● **Problem details**
Every record below should be copied exactly, with the pictures left out.

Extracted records
- Opening Delimiter -

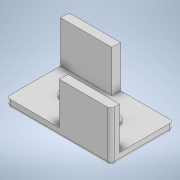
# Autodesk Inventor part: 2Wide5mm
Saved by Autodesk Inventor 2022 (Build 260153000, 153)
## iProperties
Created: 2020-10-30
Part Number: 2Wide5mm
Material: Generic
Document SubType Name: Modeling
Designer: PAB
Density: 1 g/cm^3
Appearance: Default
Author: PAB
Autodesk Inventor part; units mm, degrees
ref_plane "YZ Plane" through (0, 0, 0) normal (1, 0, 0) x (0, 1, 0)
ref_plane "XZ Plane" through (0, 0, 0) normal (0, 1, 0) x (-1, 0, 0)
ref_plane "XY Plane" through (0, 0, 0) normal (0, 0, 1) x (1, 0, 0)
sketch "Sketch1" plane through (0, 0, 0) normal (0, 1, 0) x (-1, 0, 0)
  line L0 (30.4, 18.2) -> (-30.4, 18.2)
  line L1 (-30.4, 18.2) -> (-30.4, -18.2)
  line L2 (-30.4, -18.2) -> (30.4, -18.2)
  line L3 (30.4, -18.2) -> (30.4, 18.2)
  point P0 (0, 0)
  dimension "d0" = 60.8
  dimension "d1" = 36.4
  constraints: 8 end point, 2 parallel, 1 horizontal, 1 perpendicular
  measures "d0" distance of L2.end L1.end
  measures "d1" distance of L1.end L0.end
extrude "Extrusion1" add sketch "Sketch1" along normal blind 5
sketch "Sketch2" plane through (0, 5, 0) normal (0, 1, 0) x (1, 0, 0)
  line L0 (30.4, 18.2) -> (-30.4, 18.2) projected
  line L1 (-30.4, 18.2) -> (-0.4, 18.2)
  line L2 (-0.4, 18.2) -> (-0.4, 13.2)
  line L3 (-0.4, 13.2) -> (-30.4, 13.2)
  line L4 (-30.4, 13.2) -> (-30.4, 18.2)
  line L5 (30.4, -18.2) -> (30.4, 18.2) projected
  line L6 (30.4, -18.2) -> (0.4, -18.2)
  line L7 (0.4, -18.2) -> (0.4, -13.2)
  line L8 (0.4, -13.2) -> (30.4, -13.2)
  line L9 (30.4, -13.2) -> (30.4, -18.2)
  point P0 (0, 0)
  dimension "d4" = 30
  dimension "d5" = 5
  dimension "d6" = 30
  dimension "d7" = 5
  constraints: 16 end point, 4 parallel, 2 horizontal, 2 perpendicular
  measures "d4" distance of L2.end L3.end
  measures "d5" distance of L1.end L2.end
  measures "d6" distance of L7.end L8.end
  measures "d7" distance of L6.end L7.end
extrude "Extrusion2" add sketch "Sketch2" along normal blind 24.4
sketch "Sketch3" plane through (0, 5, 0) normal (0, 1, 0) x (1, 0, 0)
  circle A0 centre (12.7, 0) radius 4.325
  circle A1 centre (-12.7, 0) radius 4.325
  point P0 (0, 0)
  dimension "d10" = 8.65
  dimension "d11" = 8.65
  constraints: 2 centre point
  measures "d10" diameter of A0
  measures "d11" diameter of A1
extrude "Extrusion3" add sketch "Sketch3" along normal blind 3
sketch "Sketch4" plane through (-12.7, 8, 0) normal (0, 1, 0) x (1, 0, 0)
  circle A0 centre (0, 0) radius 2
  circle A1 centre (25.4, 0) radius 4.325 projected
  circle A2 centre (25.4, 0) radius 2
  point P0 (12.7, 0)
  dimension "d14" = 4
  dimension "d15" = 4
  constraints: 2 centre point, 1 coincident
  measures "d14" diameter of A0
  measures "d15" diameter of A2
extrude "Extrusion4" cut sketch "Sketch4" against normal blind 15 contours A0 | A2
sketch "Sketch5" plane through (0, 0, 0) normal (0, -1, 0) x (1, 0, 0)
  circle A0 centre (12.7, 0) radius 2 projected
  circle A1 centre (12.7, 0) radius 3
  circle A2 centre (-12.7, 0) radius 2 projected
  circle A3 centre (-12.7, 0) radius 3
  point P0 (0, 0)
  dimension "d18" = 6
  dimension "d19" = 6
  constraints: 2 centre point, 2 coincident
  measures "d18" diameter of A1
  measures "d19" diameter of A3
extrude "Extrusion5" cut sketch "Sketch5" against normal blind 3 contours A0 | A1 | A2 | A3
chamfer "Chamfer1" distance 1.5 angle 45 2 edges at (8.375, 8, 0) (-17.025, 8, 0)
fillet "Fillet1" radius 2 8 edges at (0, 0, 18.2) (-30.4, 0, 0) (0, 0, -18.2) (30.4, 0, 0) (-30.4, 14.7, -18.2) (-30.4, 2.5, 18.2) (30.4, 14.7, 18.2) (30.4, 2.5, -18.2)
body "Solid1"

- Closing Delimiter -

● **Finished task**
# Autodesk Inventor part: 2Wide5mm
Saved by Autodesk Inventor 2022 (Build 260153000, 153)
## iProperties
Created: 2020-10-30
Part Number: 2Wide5mm
Material: Generic
Document SubType Name: Modeling
Designer: PAB
Density: 1 g/cm^3
Appearance: Default
Author: PAB
Autodesk Inventor part; units mm, degrees
ref_plane "YZ Plane" through (0, 0, 0) normal (1, 0, 0) x (0, 1, 0)
ref_plane "XZ Plane" through (0, 0, 0) normal (0, 1, 0) x (-1, 0, 0)
ref_plane "XY Plane" through (0, 0, 0) normal (0, 0, 1) x (1, 0, 0)
sketch "Sketch1" plane through (0, 0, 0) normal (0, 1, 0) x (-1, 0, 0)
  line L0 (30.4, 18.2) -> (-30.4, 18.2)
  line L1 (-30.4, 18.2) -> (-30.4, -18.2)
  line L2 (-30.4, -18.2) -> (30.4, -18.2)
  line L3 (30.4, -18.2) -> (30.4, 18.2)
  point P0 (0, 0)
  dimension "d0" = 60.8
  dimension "d1" = 36.4
  constraints: 8 end point, 2 parallel, 1 horizontal, 1 perpendicular
  measures "d0" distance of L2.end L1.end
  measures "d1" distance of L1.end L0.end
extrude "Extrusion1" add sketch "Sketch1" along normal blind 5
sketch "Sketch2" plane through (0, 5, 0) normal (0, 1, 0) x (1, 0, 0)
  line L0 (30.4, 18.2) -> (-30.4, 18.2) projected
  line L1 (-30.4, 18.2) -> (-0.4, 18.2)
  line L2 (-0.4, 18.2) -> (-0.4, 13.2)
  line L3 (-0.4, 13.2) -> (-30.4, 13.2)
  line L4 (-30.4, 13.2) -> (-30.4, 18.2)
  line L5 (30.4, -18.2) -> (30.4, 18.2) projected
  line L6 (30.4, -18.2) -> (0.4, -18.2)
  line L7 (0.4, -18.2) -> (0.4, -13.2)
  line L8 (0.4, -13.2) -> (30.4, -13.2)
  line L9 (30.4, -13.2) -> (30.4, -18.2)
  point P0 (0, 0)
  dimension "d4" = 30
  dimension "d5" = 5
  dimension "d6" = 30
  dimension "d7" = 5
  constraints: 16 end point, 4 parallel, 2 horizontal, 2 perpendicular
  measures "d4" distance of L2.end L3.end
  measures "d5" distance of L1.end L2.end
  measures "d6" distance of L7.end L8.end
  measures "d7" distance of L6.end L7.end
extrude "Extrusion2" add sketch "Sketch2" along normal blind 24.4
sketch "Sketch3" plane through (0, 5, 0) normal (0, 1, 0) x (1, 0, 0)
  circle A0 centre (12.7, 0) radius 4.325
  circle A1 centre (-12.7, 0) radius 4.325
  point P0 (0, 0)
  dimension "d10" = 8.65
  dimension "d11" = 8.65
  constraints: 2 centre point
  measures "d10" diameter of A0
  measures "d11" diameter of A1
extrude "Extrusion3" add sketch "Sketch3" along normal blind 3
sketch "Sketch4" plane through (-12.7, 8, 0) normal (0, 1, 0) x (1, 0, 0)
  circle A0 centre (0, 0) radius 2
  circle A1 centre (25.4, 0) radius 4.325 projected
  circle A2 centre (25.4, 0) radius 2
  point P0 (12.7, 0)
  dimension "d14" = 4
  dimension "d15" = 4
  constraints: 2 centre point, 1 coincident
  measures "d14" diameter of A0
  measures "d15" diameter of A2
extrude "Extrusion4" cut sketch "Sketch4" against normal blind 15 contours A0 | A2
sketch "Sketch5" plane through (0, 0, 0) normal (0, -1, 0) x (1, 0, 0)
  circle A0 centre (12.7, 0) radius 2 projected
  circle A1 centre (12.7, 0) radius 3
  circle A2 centre (-12.7, 0) radius 2 projected
  circle A3 centre (-12.7, 0) radius 3
  point P0 (0, 0)
  dimension "d18" = 6
  dimension "d19" = 6
  constraints: 2 centre point, 2 coincident
  measures "d18" diameter of A1
  measures "d19" diameter of A3
extrude "Extrusion5" cut sketch "Sketch5" against normal blind 3 contours A0 | A1 | A2 | A3
chamfer "Chamfer1" distance 1.5 angle 45 2 edges at (8.375, 8, 0) (-17.025, 8, 0)
fillet "Fillet1" radius 2 8 edges at (0, 0, 18.2) (-30.4, 0, 0) (0, 0, -18.2) (30.4, 0, 0) (-30.4, 14.7, -18.2) (-30.4, 2.5, 18.2) (30.4, 14.7, 18.2) (30.4, 2.5, -18.2)
body "Solid1"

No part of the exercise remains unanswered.